== Task requirements ==
Among the entries below, tally each line where the word "along" appears and state only the total.

BEGIN Task data

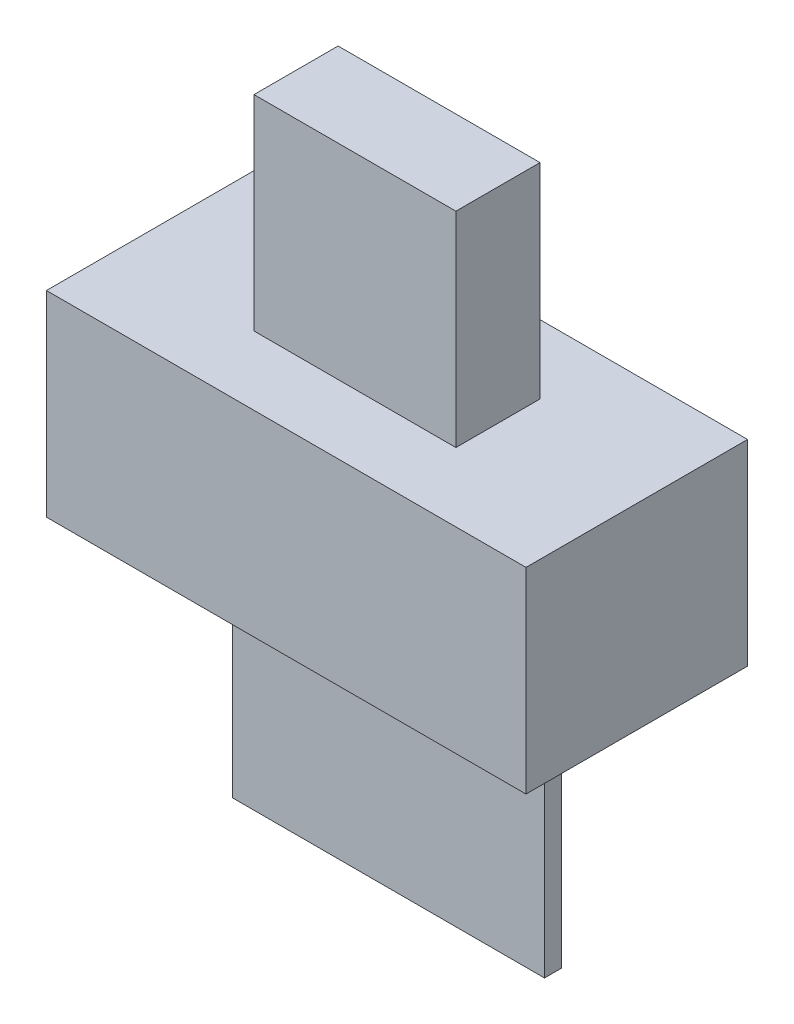
SolidWorks part; units mm, degrees
ref_plane "Front" through (0, 0, 0) normal (0, 0, 1) x (1, 0, 0)
ref_plane "Top" through (0, 0, 0) normal (0, 1, 0) x (1, 0, 0)
ref_plane "Right" through (0, 0, 0) normal (1, 0, 0) x (0, 0, -1)
sketch "草图1" plane through (0, 0, 0) normal (0, 0, 1) x (1, 0, 0)
  line L1 (0, 0) -> (8.55, 0)
  line L2 (0, 0) -> (0, 3.5)
  line L3 (0, 3.5) -> (8.55, 3.5)
  line L4 (8.55, 0) -> (8.55, 3.5)
  dimension "D1" = 8.55
  dimension "D2" = 3.5
extrude "凸台-拉伸1" add sketch "草图1" along normal blind 3.95
sketch "草图2" plane through (0, 3.5, 0) normal (0, 1, 0) x (1, 0, 0)
  line L0 (8.55, 0) -> (0, 0) construction
  line L1 (2.475, -1.225) -> (6.075, -1.225)
  line L2 (2.475, -1.225) -> (2.475, -2.725)
  line L3 (2.475, -2.725) -> (6.075, -2.725)
  line L4 (6.075, -1.225) -> (6.075, -2.725)
  line L5 (2.475, -1.225) -> (6.075, -2.725) construction
  line L6 (2.475, -2.725) -> (6.075, -1.225) construction
  line L7 (0, -3.95) -> (0, 0) construction
  point P0 (4.275, -1.975)
  point P8 (4.275, 0)
  point P11 (0, -1.975)
  dimension "D1" = 1.5
  dimension "D2" = 3.6
extrude "凸台-拉伸2" add sketch "草图2" along normal blind 3.65
sketch "草图3" plane through (0, 0, 0) normal (0, -1, 0) x (1, 0, 0)
  line L0 (0, 3.95) -> (8.55, 3.95) construction
  line L1 (1.495, 2.125) -> (7.055, 2.125)
  line L2 (1.495, 2.125) -> (1.495, 1.825)
  line L3 (1.495, 1.825) -> (7.055, 1.825)
  line L4 (7.055, 2.125) -> (7.055, 1.825)
  line L5 (1.495, 2.125) -> (7.055, 1.825) construction
  line L6 (1.495, 1.825) -> (7.055, 2.125) construction
  line L7 (0, 3.95) -> (0, 0) construction
  point P0 (4.275, 1.975)
  point P7 (4.275, 3.95)
  point P10 (0, 1.975)
  dimension "D1" = 0.3
extrude "凸台-拉伸3" add sketch "草图3" along normal blind 4.5 contours L1 L4 L3 L2
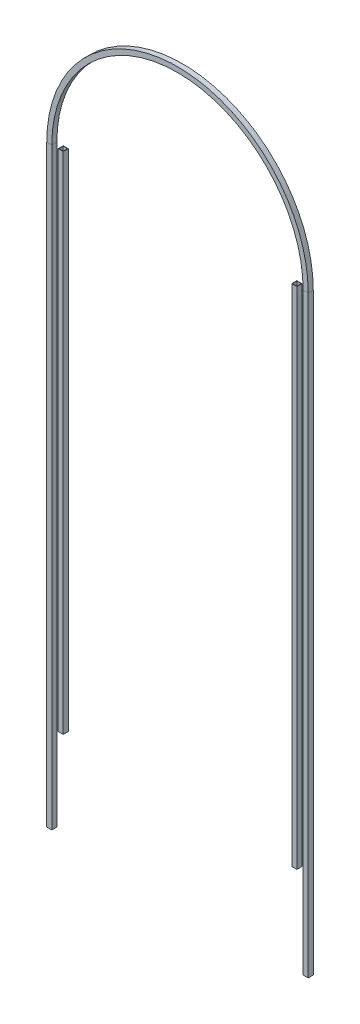
SolidWorks part; units mm, degrees
ref_plane "Front Plane" through (0, 0, 0) normal (0, 0, 1) x (1, 0, 0)
ref_plane "Top Plane" through (0, 0, 0) normal (0, 1, 0) x (1, 0, 0)
ref_plane "Right Plane" through (0, 0, 0) normal (1, 0, 0) x (0, 0, -1)
sketch "Sketch1" plane through (0, 0, 0) normal (0, 1, 0) x (1, 0, 0)
  line L0 (-17.5, -17.5) -> (-17.5, 17.5)
  line L1 (-20, -20) -> (20, -20)
  line L2 (-20, -20) -> (-20, 20)
  line L3 (-20, 20) -> (20, 20)
  line L4 (20, -20) -> (20, 20)
  line L5 (-20, -20) -> (20, 20) construction
  line L6 (-20, 20) -> (20, -20) construction
  line L7 (-17.5, 17.5) -> (17.5, 17.5)
  line L8 (17.5, -17.5) -> (17.5, 17.5)
  line L9 (-17.5, -17.5) -> (17.5, -17.5)
  point P0 (0, 0)
  dimension "D1" = 40
  dimension "D2" = 40
  dimension "D3" = 2.5
sketch "Sketch2" plane through (0, 0, 0) normal (0, 0, 1) x (1, 0, 0)
  line L0 (0, 0) -> (0, 4700)
  line L1 (2031.6408, 4700) -> (2031.6408, 0)
  arc A0 (0, 4700) -> (2031.6408, 4700) centre (1015.8204, 4700) cw
  dimension "D2" = 1015.8204
  dimension "D1" = 4700
  dimension "D3" = 4700
sweep "Sweep1" add profiles "Sketch1" path "Sketch2"
ref_plane "Plane2" through (0, 4700, 0) normal (0, 1, 0) x (1, 0, 0)
sketch "Sketch3" plane through (0, 4700, 0) normal (0, 1, 0) x (1, 0, 0)
  line L0 (20, -20) -> (20, 20) construction
  line L1 (70, 20.5551) -> (110, 20.5551)
  line L2 (70, 20.5551) -> (70, -19.4449)
  line L3 (70, -19.4449) -> (110, -19.4449)
  line L4 (110, 20.5551) -> (110, -19.4449)
  line L5 (70, 20.5551) -> (110, -19.4449) construction
  line L6 (70, -19.4449) -> (110, 20.5551) construction
  line L7 (72.5, 18.0551) -> (72.5, -16.9449)
  line L8 (72.5, -16.9449) -> (107.5, -16.9449)
  line L9 (107.5, 18.0551) -> (107.5, -16.9449)
  line L10 (72.5, 18.0551) -> (107.5, 18.0551)
  point P0 (90, 0.5551)
  dimension "D1" = 40
  dimension "D2" = 40
  dimension "D3" = 50
  dimension "D4" = 2.5
sketch "Sketch4" plane through (0, 0, 0) normal (0, 0, 1) x (1, 0, 0)
  line L0 (0, 4700) -> (90, 4700) construction
  line L2 (-20, 4700) -> (20, 4700) construction
  line L3 (90, 4700) -> (90, 700)
  dimension "D1" = 90
  dimension "D2" = 4000
sweep "Sweep2" add profiles "Sketch3" path "Sketch4"
sketch "Sketch10" plane through (0, 4700, 0) normal (0, -1, 0) x (1, 0, 0)
  line L0 (1959.1408, -17.5) -> (1959.1408, 17.5)
  line L1 (1961.6408, -20) -> (1921.6408, -20)
  line L2 (1961.6408, -20) -> (1961.6408, 20)
  line L3 (1961.6408, 20) -> (1921.6408, 20)
  line L4 (1921.6408, -20) -> (1921.6408, 20)
  line L5 (1961.6408, -20) -> (1921.6408, 20) construction
  line L6 (1961.6408, 20) -> (1921.6408, -20) construction
  line L7 (1959.1408, 17.5) -> (1924.1408, 17.5)
  line L8 (1924.1408, -17.5) -> (1924.1408, 17.5)
  line L9 (1959.1408, -17.5) -> (1924.1408, -17.5)
  line L10 (2011.6408, 20) -> (2011.6408, -20) construction
  point P0 (1941.6408, 0)
  dimension "D1" = 40
  dimension "D2" = 40
  dimension "D4" = 50
  dimension "D3" = 2.5
sketch "Sketch11" plane through (0, 0, 0) normal (0, 0, 1) x (1, 0, 0)
  line L0 (1941.6408, 4700) -> (1941.6408, 700)
  dimension "D1" = 4000
sweep "Sweep4" add profiles "Sketch10" path "Sketch11"
sketch "Sketch12" plane through (0, 0, 0) normal (0, 0, 1) x (1, 0, 0)
  line L0 (45, 500) -> (45, 4700)
  line L1 (1986.6408, 4700) -> (1986.6408, 500)
  line L2 (20, 0) -> (20, 4700) construction
  line L3 (70, 0) -> (70, 4700) construction
  line L4 (2011.6408, 4700) -> (2011.6408, 0) construction
  line L5 (1961.6408, 0) -> (1961.6408, 4700) construction
  arc A0 (45, 4700) -> (1986.6408, 4700) centre (1015.8204, 4700) cw
  arc A1 (1986.6408, 500) -> (45, 500) centre (1015.8204, 500) cw
  arc A2 (2011.6408, 4700) -> (20, 4700) centre (1015.8204, 4700) ccw construction
  dimension "D7" = 970.8204
  dimension "D1" = 25
  dimension "D2" = 25
  dimension "D3" = 25
  dimension "D4" = 25
  dimension "D5" = 25
  dimension "D8" = 25
  dimension "D9" = 25
  dimension "D10" = 25
  dimension "D11" = 25
  dimension "D6" = 4200
equation "\"C\"=4200"
equation "\"D6@Sketch12\"=\"C\""

END Task data

== Response below ==
3